I just need a GPS with speed. That is all.


----------



## smokeysmoo (27 Dec 2013)

midliferider said:


> I am looking for Garmin Dakota 20.
> I just need a GPS with speed. That is all.


If you just need a GPS with speed why are you panning on spending so much on one?

The Garmin Edge 200 does exactly what you're saying you want and can be had for £79.99 from Halfords


----------



## midliferider (27 Dec 2013)

smokeysmoo said:


> If you just need a GPS with speed why are you panning on spending so much on one?
> 
> The Garmin Edge 200 does exactly what you're saying you want and can be had for £79.99 from Halfords



It does not have a map as such. My ideal one would be just car or motorbike sat nav which tells me where I am and where to go. But they do not have enough battery life.


----------



## shaun o'shea (27 Dec 2013)

I have a 205 garmin you can buy off me for 25 quid plus post,fully working with usb lead and bar mount,think I still have the garmin dvd that came with it.


----------



## smokeysmoo (27 Dec 2013)

shaun o'shea said:


> I have a 205 garmin you can buy off me for 25 quid plus post,fully working with usb lead and bar mount,think I still have the garmin dvd that came with it.
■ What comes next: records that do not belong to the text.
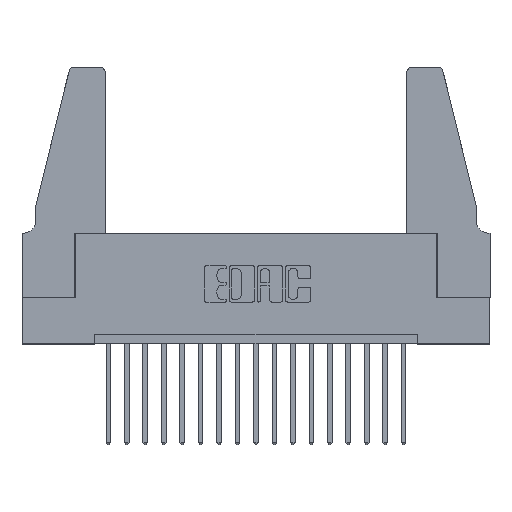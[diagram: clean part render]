
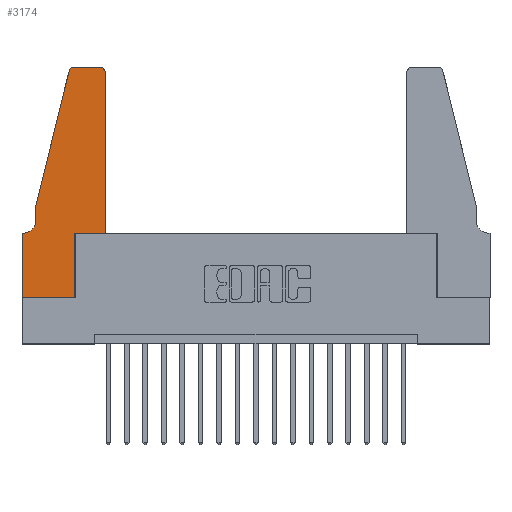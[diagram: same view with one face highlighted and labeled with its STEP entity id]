
A CAD part, top view. The second image highlights one B-rep face of the part: STEP entity #3174.
In plain terms, the highlighted planar face has unit normal (0, 0, 1).
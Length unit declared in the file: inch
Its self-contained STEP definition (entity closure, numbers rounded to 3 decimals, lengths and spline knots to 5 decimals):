
#113 = ORIENTED_EDGE ( 'NONE', *, *, #4411, .T. ) ;
#207 = EDGE_CURVE ( 'NONE', #12516, #14726, #5632, .T. ) ;
#234 = ORIENTED_EDGE ( 'NONE', *, *, #207, .T. ) ;
#373 = FACE_OUTER_BOUND ( 'NONE', #1218, .T. ) ;
#379 = CARTESIAN_POINT ( 'NONE',  ( 0.0055, 0.42, 0.37 ) ) ;
#1218 = EDGE_LOOP ( 'NONE', ( #9526, #234, #113, #16810, #13674, #17167, #15226, #8393, #7453, #3452, #4901, #5936 ) ) ;
#1911 = EDGE_CURVE ( 'NONE', #12417, #10788, #6254, .T. ) ;
#1970 = VECTOR ( 'NONE', #6280, 39.37008 ) ;
#3149 = AXIS2_PLACEMENT_3D ( 'NONE', #17406, #11797, #3316 ) ;
#3174 = ADVANCED_FACE ( 'NONE', ( #373 ), #4618, .T. ) ;
#3285 = VERTEX_POINT ( 'NONE', #17071 ) ;
#3316 = DIRECTION ( 'NONE',  ( 1., 0., 0. ) ) ;
#3373 = DIRECTION ( 'NONE',  ( -1., 0., 0. ) ) ;
#3389 = LINE ( 'NONE', #8405, #7358 ) ;
#3452 = ORIENTED_EDGE ( 'NONE', *, *, #12839, .T. ) ;
#3677 = CARTESIAN_POINT ( 'NONE',  ( 0.2865, 0.35, 0.37 ) ) ;
#3918 = CARTESIAN_POINT ( 'NONE',  ( 0.4205, 1.22, 0.37 ) ) ;
#4411 = EDGE_CURVE ( 'NONE', #14726, #11088, #5199, .T. ) ;
#4434 = EDGE_CURVE ( 'NONE', #16097, #13454, #16516, .T. ) ;
#4618 = PLANE ( 'NONE',  #3149 ) ;
#4825 = CARTESIAN_POINT ( 'NONE',  ( 0.2605, 1.25, 0.37 ) ) ;
#4846 = DIRECTION ( 'NONE',  ( 1., 0., 0. ) ) ;
#4901 = ORIENTED_EDGE ( 'NONE', *, *, #6508, .T. ) ;
#5066 = CARTESIAN_POINT ( 'NONE',  ( 0.0755, 0.5, 0.37 ) ) ;
#5126 = EDGE_CURVE ( 'NONE', #10788, #3285, #10058, .T. ) ;
#5199 = LINE ( 'NONE', #9451, #12983 ) ;
#5632 = CIRCLE ( 'NONE', #6276, 0.03 ) ;
#5637 = CARTESIAN_POINT ( 'NONE',  ( 0.4505, 0.35, 0.37 ) ) ;
#5723 = CIRCLE ( 'NONE', #13229, 0.03 ) ;
#5799 = LINE ( 'NONE', #4825, #10017 ) ;
#5936 = ORIENTED_EDGE ( 'NONE', *, *, #11759, .T. ) ;
#6254 = LINE ( 'NONE', #14179, #11829 ) ;
#6276 = AXIS2_PLACEMENT_3D ( 'NONE', #10610, #9429, #17757 ) ;
#6280 = DIRECTION ( 'NONE',  ( -1., 0., 0. ) ) ;
#6489 = DIRECTION ( 'NONE',  ( 0., -1., 0. ) ) ;
#6508 = EDGE_CURVE ( 'NONE', #14920, #15794, #3389, .T. ) ;
#7077 = CARTESIAN_POINT ( 'NONE',  ( 0.284, 1.25, 0.37 ) ) ;
#7298 = EDGE_CURVE ( 'NONE', #11088, #16097, #13771, .T. ) ;
#7358 = VECTOR ( 'NONE', #15496, 39.37008 ) ;
#7424 = DIRECTION ( 'NONE',  ( -1., 0., 0. ) ) ;
#7453 = ORIENTED_EDGE ( 'NONE', *, *, #12957, .T. ) ;
#7510 = DIRECTION ( 'NONE',  ( -0.239, -0.971, 0. ) ) ;
#7852 = EDGE_CURVE ( 'NONE', #13454, #12417, #17276, .T. ) ;
#8043 = DIRECTION ( 'NONE',  ( 0., 1., 0. ) ) ;
#8393 = ORIENTED_EDGE ( 'NONE', *, *, #5126, .T. ) ;
#8405 = CARTESIAN_POINT ( 'NONE',  ( 0.4505, 0.35, 0.37 ) ) ;
#8507 = DIRECTION ( 'NONE',  ( 0., -1., 0. ) ) ;
#8657 = CARTESIAN_POINT ( 'NONE',  ( 0., 0., 0.37 ) ) ;
#8778 = LINE ( 'NONE', #14583, #14348 ) ;
#9100 = CARTESIAN_POINT ( 'NONE',  ( 0.2865, 0.35, 0.37 ) ) ;
#9132 = CARTESIAN_POINT ( 'NONE',  ( 0.0055, 0.35, 0.37 ) ) ;
#9429 = DIRECTION ( 'NONE',  ( 0., 0., 1. ) ) ;
#9451 = CARTESIAN_POINT ( 'NONE',  ( 0.0755, 0.5, 0.37 ) ) ;
#9526 = ORIENTED_EDGE ( 'NONE', *, *, #9638, .T. ) ;
#9638 = EDGE_CURVE ( 'NONE', #10444, #12516, #5799, .T. ) ;
#9670 = DIRECTION ( 'NONE',  ( 1., 0., 0. ) ) ;
#9870 = CARTESIAN_POINT ( 'NONE',  ( 0., 0.35, 0.37 ) ) ;
#10017 = VECTOR ( 'NONE', #7424, 39.37008 ) ;
#10058 = LINE ( 'NONE', #14020, #17134 ) ;
#10368 = DIRECTION ( 'NONE',  ( 0., 0., -1. ) ) ;
#10444 = VERTEX_POINT ( 'NONE', #16957 ) ;
#10610 = CARTESIAN_POINT ( 'NONE',  ( 0.284, 1.22, 0.37 ) ) ;
#10788 = VERTEX_POINT ( 'NONE', #8657 ) ;
#11088 = VERTEX_POINT ( 'NONE', #17536 ) ;
#11648 = CARTESIAN_POINT ( 'NONE',  ( 0.0755, 0.42, 0.37 ) ) ;
#11672 = VECTOR ( 'NONE', #8043, 39.37008 ) ;
#11752 = CARTESIAN_POINT ( 'NONE',  ( 0.0755, 0.35, 0.37 ) ) ;
#11759 = EDGE_CURVE ( 'NONE', #15794, #10444, #5723, .T. ) ;
#11797 = DIRECTION ( 'NONE',  ( 0., 0., 1. ) ) ;
#11829 = VECTOR ( 'NONE', #8507, 39.37008 ) ;
#12417 = VERTEX_POINT ( 'NONE', #9870 ) ;
#12516 = VERTEX_POINT ( 'NONE', #7077 ) ;
#12826 = VERTEX_POINT ( 'NONE', #9100 ) ;
#12839 = EDGE_CURVE ( 'NONE', #12826, #14920, #8778, .T. ) ;
#12957 = EDGE_CURVE ( 'NONE', #3285, #12826, #15434, .T. ) ;
#12983 = VECTOR ( 'NONE', #7510, 39.37008 ) ;
#13229 = AXIS2_PLACEMENT_3D ( 'NONE', #3918, #15232, #16485 ) ;
#13249 = AXIS2_PLACEMENT_3D ( 'NONE', #379, #10368, #3373 ) ;
#13329 = VECTOR ( 'NONE', #6489, 39.37008 ) ;
#13454 = VERTEX_POINT ( 'NONE', #9132 ) ;
#13674 = ORIENTED_EDGE ( 'NONE', *, *, #4434, .T. ) ;
#13771 = LINE ( 'NONE', #5066, #13329 ) ;
#14020 = CARTESIAN_POINT ( 'NONE',  ( 0., 0., 0.37 ) ) ;
#14179 = CARTESIAN_POINT ( 'NONE',  ( 0., 0., 0.37 ) ) ;
#14348 = VECTOR ( 'NONE', #4846, 39.37008 ) ;
#14583 = CARTESIAN_POINT ( 'NONE',  ( 0.4505, 0.35, 0.37 ) ) ;
#14726 = VERTEX_POINT ( 'NONE', #15020 ) ;
#14920 = VERTEX_POINT ( 'NONE', #5637 ) ;
#15020 = CARTESIAN_POINT ( 'NONE',  ( 0.25487, 1.22718, 0.37 ) ) ;
#15226 = ORIENTED_EDGE ( 'NONE', *, *, #1911, .T. ) ;
#15232 = DIRECTION ( 'NONE',  ( 0., 0., 1. ) ) ;
#15434 = LINE ( 'NONE', #3677, #11672 ) ;
#15496 = DIRECTION ( 'NONE',  ( 0., 1., 0. ) ) ;
#15570 = CARTESIAN_POINT ( 'NONE',  ( 0.4505, 1.22, 0.37 ) ) ;
#15794 = VERTEX_POINT ( 'NONE', #15570 ) ;
#16097 = VERTEX_POINT ( 'NONE', #11648 ) ;
#16485 = DIRECTION ( 'NONE',  ( 1., 0., 0. ) ) ;
#16516 = CIRCLE ( 'NONE', #13249, 0.07 ) ;
#16810 = ORIENTED_EDGE ( 'NONE', *, *, #7298, .T. ) ;
#16957 = CARTESIAN_POINT ( 'NONE',  ( 0.4205, 1.25, 0.37 ) ) ;
#17071 = CARTESIAN_POINT ( 'NONE',  ( 0.2865, 0., 0.37 ) ) ;
#17134 = VECTOR ( 'NONE', #9670, 39.37008 ) ;
#17167 = ORIENTED_EDGE ( 'NONE', *, *, #7852, .T. ) ;
#17276 = LINE ( 'NONE', #11752, #1970 ) ;
#17406 = CARTESIAN_POINT ( 'NONE',  ( 0., 0.35, 0.37 ) ) ;
#17536 = CARTESIAN_POINT ( 'NONE',  ( 0.0755, 0.5, 0.37 ) ) ;
#17757 = DIRECTION ( 'NONE',  ( 1., 0., 0. ) ) ;

Thanks but it's specifically a 200 I want to replace the same one I previously had.


----------



## shaun o'shea (27 Dec 2013)

no worrys mate thanks


----------



## e-rider (27 Dec 2013)

it's not just Halfords selling them for £80, lots of other online shops too - still, doesn't help you much if £80 is too much though - sorry!


----------



## cosmicbike (27 Dec 2013)

I've got one. As new, in the box with all accessories. Only replaced with a 500 as I'm under physio care and he wanted me to exercise at a given heart rate. £60 ovno posted


----------



## smokeysmoo (28 Dec 2013)

cosmicbike said:


> I've got one. As new, in the box with all accessories. Only replaced with a 500 as I'm under physio care and he wanted me to exercise at a given heart rate. £60 ovno posted


Cheers CB but myself, @Judderz and @L14M have managed to source a 3 for 2 at Halfords making them £53.33 each 

Stock does seem to be getting low though and the offer ends on 6th Jan, so you won't have any trouble flogging it


----------



## Dangermouse (28 Dec 2013)

Now I am after one............


----------



## smokeysmoo (28 Dec 2013)

cosmicbike said:


> I've got one. As new, in the box with all accessories. Only replaced with a 500 as I'm under physio care and he wanted me to exercise at a given heart rate. £60 ovno posted





Dangermouse said:


> Now I am after one............


You two need to talk


----------



## Dangermouse (28 Dec 2013)

can you use cadence and speed sensor with the 200?


----------



## smokeysmoo (28 Dec 2013)

Dangermouse said:


> can you use cadence and speed sensor with the 200?


Nope, you need at least the 500 for them sort of shenanigans.


----------



## L14M (28 Dec 2013)

http://www.bikeradar.com/gear/categ...-edge-200-gps-enabled-cycling-computer-45160/


----------



## Dangermouse (28 Dec 2013)

smokeysmoo said:


> Nope, you need at least the 500 for them sort of shenanigans.




AND just sold my 305 which did them there shenanigansbut it was wrist worn which is what I want to get away from...........sacrifices eh


----------



## smokeysmoo (28 Dec 2013)

[QUOTE 2842753, member: 259"]The Garmin eTrex 20 is 85 quid on special offer at Amazon at the moment...[/quote]
Cheers Mort but I'm sorted now thanks to a Halfords 3 for 2 deal with Judderz and L14M of this parish 

Mods please close if you like as I'm fixed up now, thanks.


----------



## RedBullet (4 Jan 2014)

i want a garmin 500 in red if anyone has one, ideally with hrm and cad sensor


----------